Photovoltaic performance improvement in planar P3HT/CdS solar cells induced by structural, optical and electrical property modification in thermal annealed P3HT thin films

Abstract

Bilayer hybrid solar cells were prepared by solution deposition of CdS thin films on conductive glass substrates (ITO), followed by spin-coating or drop-casting poly (3-hexylthiophene) (P3HT) solution on a CdS surface. After a slow drying process, the P3HT films of different thicknesses (from 100 to 725 nm) were annealed at temperatures (T1) from 110 to 190 °C, called pre-metal contact annealing. Then carbon paint was collocated on top of P3HT and gold was evaporated. The whole structure was annealed for the second time, called post-metal contact annealing, at temperature (T2) between 110 and 190 °C. The continuous increase of the (1 0 0) crystalline plane and the optical absorption coefficient of P3HT films with annealing temperatures indicates the improvement of molecular order inside the polymer films induced by the thermal annealing process.
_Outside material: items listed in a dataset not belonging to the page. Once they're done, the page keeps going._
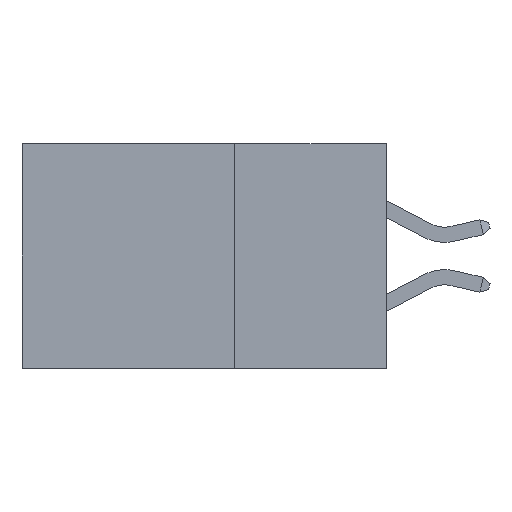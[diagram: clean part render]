
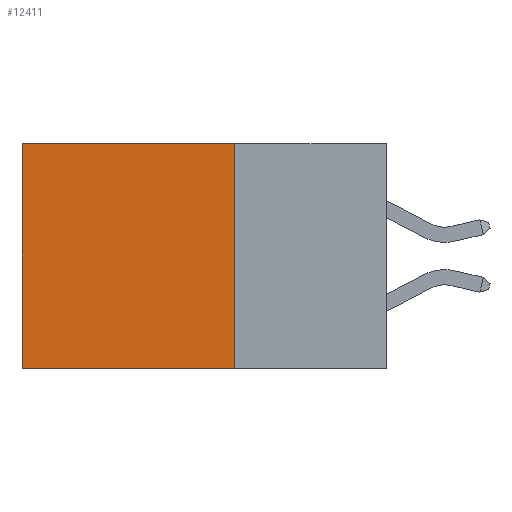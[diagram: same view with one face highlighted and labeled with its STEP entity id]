
A CAD part, left-side view. The second image highlights one B-rep face of the part: STEP entity #12411.
In plain terms, the highlighted planar face has unit normal (-1, 0, 0).
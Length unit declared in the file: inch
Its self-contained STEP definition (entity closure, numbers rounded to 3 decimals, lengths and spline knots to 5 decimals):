
#484 = CARTESIAN_POINT ( 'NONE',  ( 0.298, 0.6, 0. ) ) ;
#1757 = FACE_OUTER_BOUND ( 'NONE', #4726, .T. ) ;
#2132 = VERTEX_POINT ( 'NONE', #3837 ) ;
#2799 = VECTOR ( 'NONE', #9024, 39.37008 ) ;
#3102 = CARTESIAN_POINT ( 'NONE',  ( 0.298, 0.6, -0.37 ) ) ;
#3278 = ORIENTED_EDGE ( 'NONE', *, *, #11092, .F. ) ;
#3798 = VERTEX_POINT ( 'NONE', #9820 ) ;
#3837 = CARTESIAN_POINT ( 'NONE',  ( 0.298, 0.25, -0.37 ) ) ;
#4545 = VECTOR ( 'NONE', #10552, 39.37008 ) ;
#4726 = EDGE_LOOP ( 'NONE', ( #4836, #15436, #3278, #12036 ) ) ;
#4745 = LINE ( 'NONE', #8273, #10915 ) ;
#4836 = ORIENTED_EDGE ( 'NONE', *, *, #10391, .T. ) ;
#5254 = VECTOR ( 'NONE', #7885, 39.37008 ) ;
#5582 = EDGE_CURVE ( 'NONE', #2132, #15461, #14463, .T. ) ;
#5627 = CARTESIAN_POINT ( 'NONE',  ( 0.298, 0.25, 0. ) ) ;
#7170 = DIRECTION ( 'NONE',  ( 0., 1., 0. ) ) ;
#7885 = DIRECTION ( 'NONE',  ( 0., 1., 0. ) ) ;
#7887 = DIRECTION ( 'NONE',  ( 0., 0., -1. ) ) ;
#8273 = CARTESIAN_POINT ( 'NONE',  ( 0.298, 0.25, 0. ) ) ;
#9024 = DIRECTION ( 'NONE',  ( 0., 0., -1. ) ) ;
#9351 = CARTESIAN_POINT ( 'NONE',  ( 0.298, 0.6, 0. ) ) ;
#9820 = CARTESIAN_POINT ( 'NONE',  ( 0.298, 0.25, 0. ) ) ;
#10391 = EDGE_CURVE ( 'NONE', #11097, #15461, #10934, .T. ) ;
#10552 = DIRECTION ( 'NONE',  ( 0., 0., -1. ) ) ;
#10652 = AXIS2_PLACEMENT_3D ( 'NONE', #13872, #15311, #7887 ) ;
#10724 = EDGE_CURVE ( 'NONE', #3798, #11097, #4745, .T. ) ;
#10915 = VECTOR ( 'NONE', #7170, 39.37008 ) ;
#10934 = LINE ( 'NONE', #484, #2799 ) ;
#11092 = EDGE_CURVE ( 'NONE', #3798, #2132, #12046, .T. ) ;
#11097 = VERTEX_POINT ( 'NONE', #9351 ) ;
#12036 = ORIENTED_EDGE ( 'NONE', *, *, #10724, .T. ) ;
#12046 = LINE ( 'NONE', #5627, #4545 ) ;
#12411 = ADVANCED_FACE ( 'NONE', ( #1757 ), #12980, .F. ) ;
#12620 = CARTESIAN_POINT ( 'NONE',  ( 0.298, 0.25, -0.37 ) ) ;
#12980 = PLANE ( 'NONE',  #10652 ) ;
#13872 = CARTESIAN_POINT ( 'NONE',  ( 0.298, 0.25, 0. ) ) ;
#14463 = LINE ( 'NONE', #12620, #5254 ) ;
#15311 = DIRECTION ( 'NONE',  ( 1., 0., 0. ) ) ;
#15436 = ORIENTED_EDGE ( 'NONE', *, *, #5582, .F. ) ;
#15461 = VERTEX_POINT ( 'NONE', #3102 ) ;
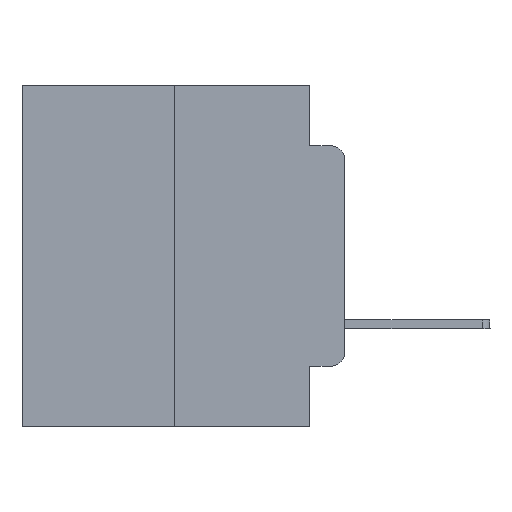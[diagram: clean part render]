
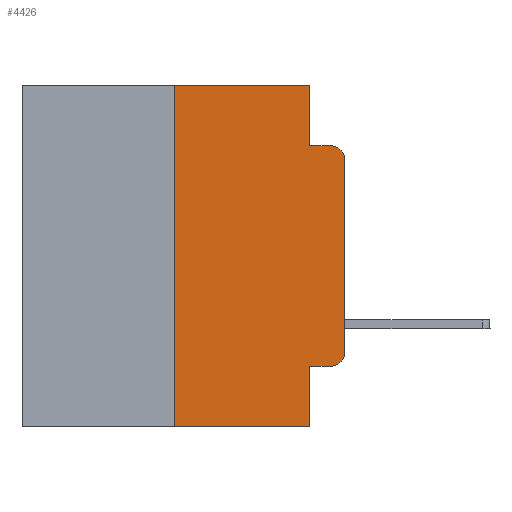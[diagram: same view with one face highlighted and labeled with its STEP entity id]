
A CAD part, left-side view. The second image highlights one B-rep face of the part: STEP entity #4426.
In plain terms, the highlighted planar face has unit normal (-1, 0, 0).
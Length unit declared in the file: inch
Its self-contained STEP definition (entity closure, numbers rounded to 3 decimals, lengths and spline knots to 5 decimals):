
#73 = DIRECTION ( 'NONE',  ( -1., 0., 0. ) ) ;
#810 = EDGE_CURVE ( 'NONE', #24126, #18860, #12160, .T. ) ;
#1177 = VERTEX_POINT ( 'NONE', #12249 ) ;
#2049 = VECTOR ( 'NONE', #24945, 39.37008 ) ;
#2183 = AXIS2_PLACEMENT_3D ( 'NONE', #3139, #5229, #11245 ) ;
#2216 = EDGE_CURVE ( 'NONE', #14907, #3242, #2558, .T. ) ;
#2288 = LINE ( 'NONE', #18921, #22175 ) ;
#2558 = CIRCLE ( 'NONE', #18557, 0.02 ) ;
#2672 = EDGE_CURVE ( 'NONE', #8083, #5037, #18317, .T. ) ;
#2850 = DIRECTION ( 'NONE',  ( 0., -1., 0. ) ) ;
#2901 = FACE_OUTER_BOUND ( 'NONE', #9662, .T. ) ;
#3132 = DIRECTION ( 'NONE',  ( 0., 0., -1. ) ) ;
#3139 = CARTESIAN_POINT ( 'NONE',  ( 0., 0.02, -0.1085 ) ) ;
#3242 = VERTEX_POINT ( 'NONE', #14969 ) ;
#3399 = ORIENTED_EDGE ( 'NONE', *, *, #16472, .F. ) ;
#3490 = DIRECTION ( 'NONE',  ( 0., 0., 1. ) ) ;
#3570 = VERTEX_POINT ( 'NONE', #22338 ) ;
#4076 = CARTESIAN_POINT ( 'NONE',  ( 0., 0.473, -0.5 ) ) ;
#4116 = VECTOR ( 'NONE', #3490, 39.37008 ) ;
#4426 = ADVANCED_FACE ( 'NONE', ( #2901 ), #15062, .F. ) ;
#4529 = VECTOR ( 'NONE', #2850, 39.37008 ) ;
#4629 = LINE ( 'NONE', #16492, #8720 ) ;
#4790 = CARTESIAN_POINT ( 'NONE',  ( 0., 0.051, -0.4115 ) ) ;
#5037 = VERTEX_POINT ( 'NONE', #11068 ) ;
#5188 = CARTESIAN_POINT ( 'NONE',  ( 0., 0.02, -0.4115 ) ) ;
#5229 = DIRECTION ( 'NONE',  ( -1., 0., 0. ) ) ;
#6066 = ORIENTED_EDGE ( 'NONE', *, *, #20279, .F. ) ;
#6147 = CARTESIAN_POINT ( 'NONE',  ( 0., 0.02, -0.0885 ) ) ;
#6150 = VERTEX_POINT ( 'NONE', #20478 ) ;
#7990 = DIRECTION ( 'NONE',  ( 0., 0., -1. ) ) ;
#8083 = VERTEX_POINT ( 'NONE', #23881 ) ;
#8199 = LINE ( 'NONE', #23320, #4116 ) ;
#8720 = VECTOR ( 'NONE', #25123, 39.37008 ) ;
#9371 = EDGE_CURVE ( 'NONE', #8083, #1177, #15287, .T. ) ;
#9662 = EDGE_LOOP ( 'NONE', ( #10186, #18352, #6066, #16324, #3399, #11787, #20338, #18956, #12512, #15058 ) ) ;
#10134 = EDGE_CURVE ( 'NONE', #6150, #18456, #15425, .T. ) ;
#10186 = ORIENTED_EDGE ( 'NONE', *, *, #16012, .T. ) ;
#11068 = CARTESIAN_POINT ( 'NONE',  ( 0., 0.051, -0.5 ) ) ;
#11245 = DIRECTION ( 'NONE',  ( 0., 0., -1. ) ) ;
#11787 = ORIENTED_EDGE ( 'NONE', *, *, #9371, .F. ) ;
#12160 = CIRCLE ( 'NONE', #2183, 0.02 ) ;
#12249 = CARTESIAN_POINT ( 'NONE',  ( 0., 0.25, 0. ) ) ;
#12512 = ORIENTED_EDGE ( 'NONE', *, *, #21854, .T. ) ;
#12741 = LINE ( 'NONE', #20919, #21256 ) ;
#14871 = VECTOR ( 'NONE', #22312, 39.37008 ) ;
#14889 = CARTESIAN_POINT ( 'NONE',  ( 0., 0.473, 0. ) ) ;
#14907 = VERTEX_POINT ( 'NONE', #5188 ) ;
#14969 = CARTESIAN_POINT ( 'NONE',  ( 0., 0., -0.3915 ) ) ;
#15058 = ORIENTED_EDGE ( 'NONE', *, *, #2216, .T. ) ;
#15062 = PLANE ( 'NONE',  #25878 ) ;
#15287 = LINE ( 'NONE', #17090, #2049 ) ;
#15425 = LINE ( 'NONE', #19405, #18832 ) ;
#16012 = EDGE_CURVE ( 'NONE', #3242, #24126, #8199, .T. ) ;
#16324 = ORIENTED_EDGE ( 'NONE', *, *, #10134, .F. ) ;
#16472 = EDGE_CURVE ( 'NONE', #1177, #6150, #12741, .T. ) ;
#16492 = CARTESIAN_POINT ( 'NONE',  ( 0., 0.051, -0.0885 ) ) ;
#16827 = DIRECTION ( 'NONE',  ( 0., 0., -1. ) ) ;
#17090 = CARTESIAN_POINT ( 'NONE',  ( 0., 0.25, 0. ) ) ;
#17772 = LINE ( 'NONE', #4790, #4529 ) ;
#18317 = LINE ( 'NONE', #4076, #14871 ) ;
#18352 = ORIENTED_EDGE ( 'NONE', *, *, #810, .T. ) ;
#18456 = VERTEX_POINT ( 'NONE', #20649 ) ;
#18557 = AXIS2_PLACEMENT_3D ( 'NONE', #23944, #73, #7990 ) ;
#18832 = VECTOR ( 'NONE', #3132, 39.37008 ) ;
#18860 = VERTEX_POINT ( 'NONE', #6147 ) ;
#18921 = CARTESIAN_POINT ( 'NONE',  ( 0., 0.051, 0. ) ) ;
#18956 = ORIENTED_EDGE ( 'NONE', *, *, #22566, .F. ) ;
#19405 = CARTESIAN_POINT ( 'NONE',  ( 0., 0.051, 0. ) ) ;
#20279 = EDGE_CURVE ( 'NONE', #18456, #18860, #4629, .T. ) ;
#20338 = ORIENTED_EDGE ( 'NONE', *, *, #2672, .T. ) ;
#20478 = CARTESIAN_POINT ( 'NONE',  ( 0., 0.051, 0. ) ) ;
#20649 = CARTESIAN_POINT ( 'NONE',  ( 0., 0.051, -0.0885 ) ) ;
#20919 = CARTESIAN_POINT ( 'NONE',  ( 0., 0.473, 0. ) ) ;
#21256 = VECTOR ( 'NONE', #22928, 39.37008 ) ;
#21854 = EDGE_CURVE ( 'NONE', #3570, #14907, #17772, .T. ) ;
#22175 = VECTOR ( 'NONE', #16827, 39.37008 ) ;
#22312 = DIRECTION ( 'NONE',  ( 0., -1., 0. ) ) ;
#22338 = CARTESIAN_POINT ( 'NONE',  ( 0., 0.051, -0.4115 ) ) ;
#22539 = CARTESIAN_POINT ( 'NONE',  ( 0., 0., -0.1085 ) ) ;
#22566 = EDGE_CURVE ( 'NONE', #3570, #5037, #2288, .T. ) ;
#22928 = DIRECTION ( 'NONE',  ( 0., -1., 0. ) ) ;
#22979 = DIRECTION ( 'NONE',  ( 1., 0., 0. ) ) ;
#23320 = CARTESIAN_POINT ( 'NONE',  ( 0., 0., 0. ) ) ;
#23881 = CARTESIAN_POINT ( 'NONE',  ( 0., 0.25, -0.5 ) ) ;
#23944 = CARTESIAN_POINT ( 'NONE',  ( 0., 0.02, -0.3915 ) ) ;
#24126 = VERTEX_POINT ( 'NONE', #22539 ) ;
#24945 = DIRECTION ( 'NONE',  ( 0., 0., 1. ) ) ;
#24996 = DIRECTION ( 'NONE',  ( 0., 0., -1. ) ) ;
#25123 = DIRECTION ( 'NONE',  ( 0., -1., 0. ) ) ;
#25878 = AXIS2_PLACEMENT_3D ( 'NONE', #14889, #22979, #24996 ) ;

The better ordered P3HT films lead to lower series resistance and higher fill factor in the corresponding solar cells, suggesting the enlargement of charge carrier mobility in annealed P3HT films. On the other hand, the photovoltaic performance is also affected by T2 temperature; a low T2 improves the ohmic contact between P3HT and the metal contact to benefit the charge carrier extraction, whereas a high T2 may deteriorate that union. The same observation was obtained in CdS/P3HT solar cells with P3HT films of different thicknesses. The best energy conversion efficiency of 0.44% was obtained in CdS/P3HT cells with 305 nm thick P3HT annealed at T1 = 190 °C and T2 = 110 °C for 10 min each.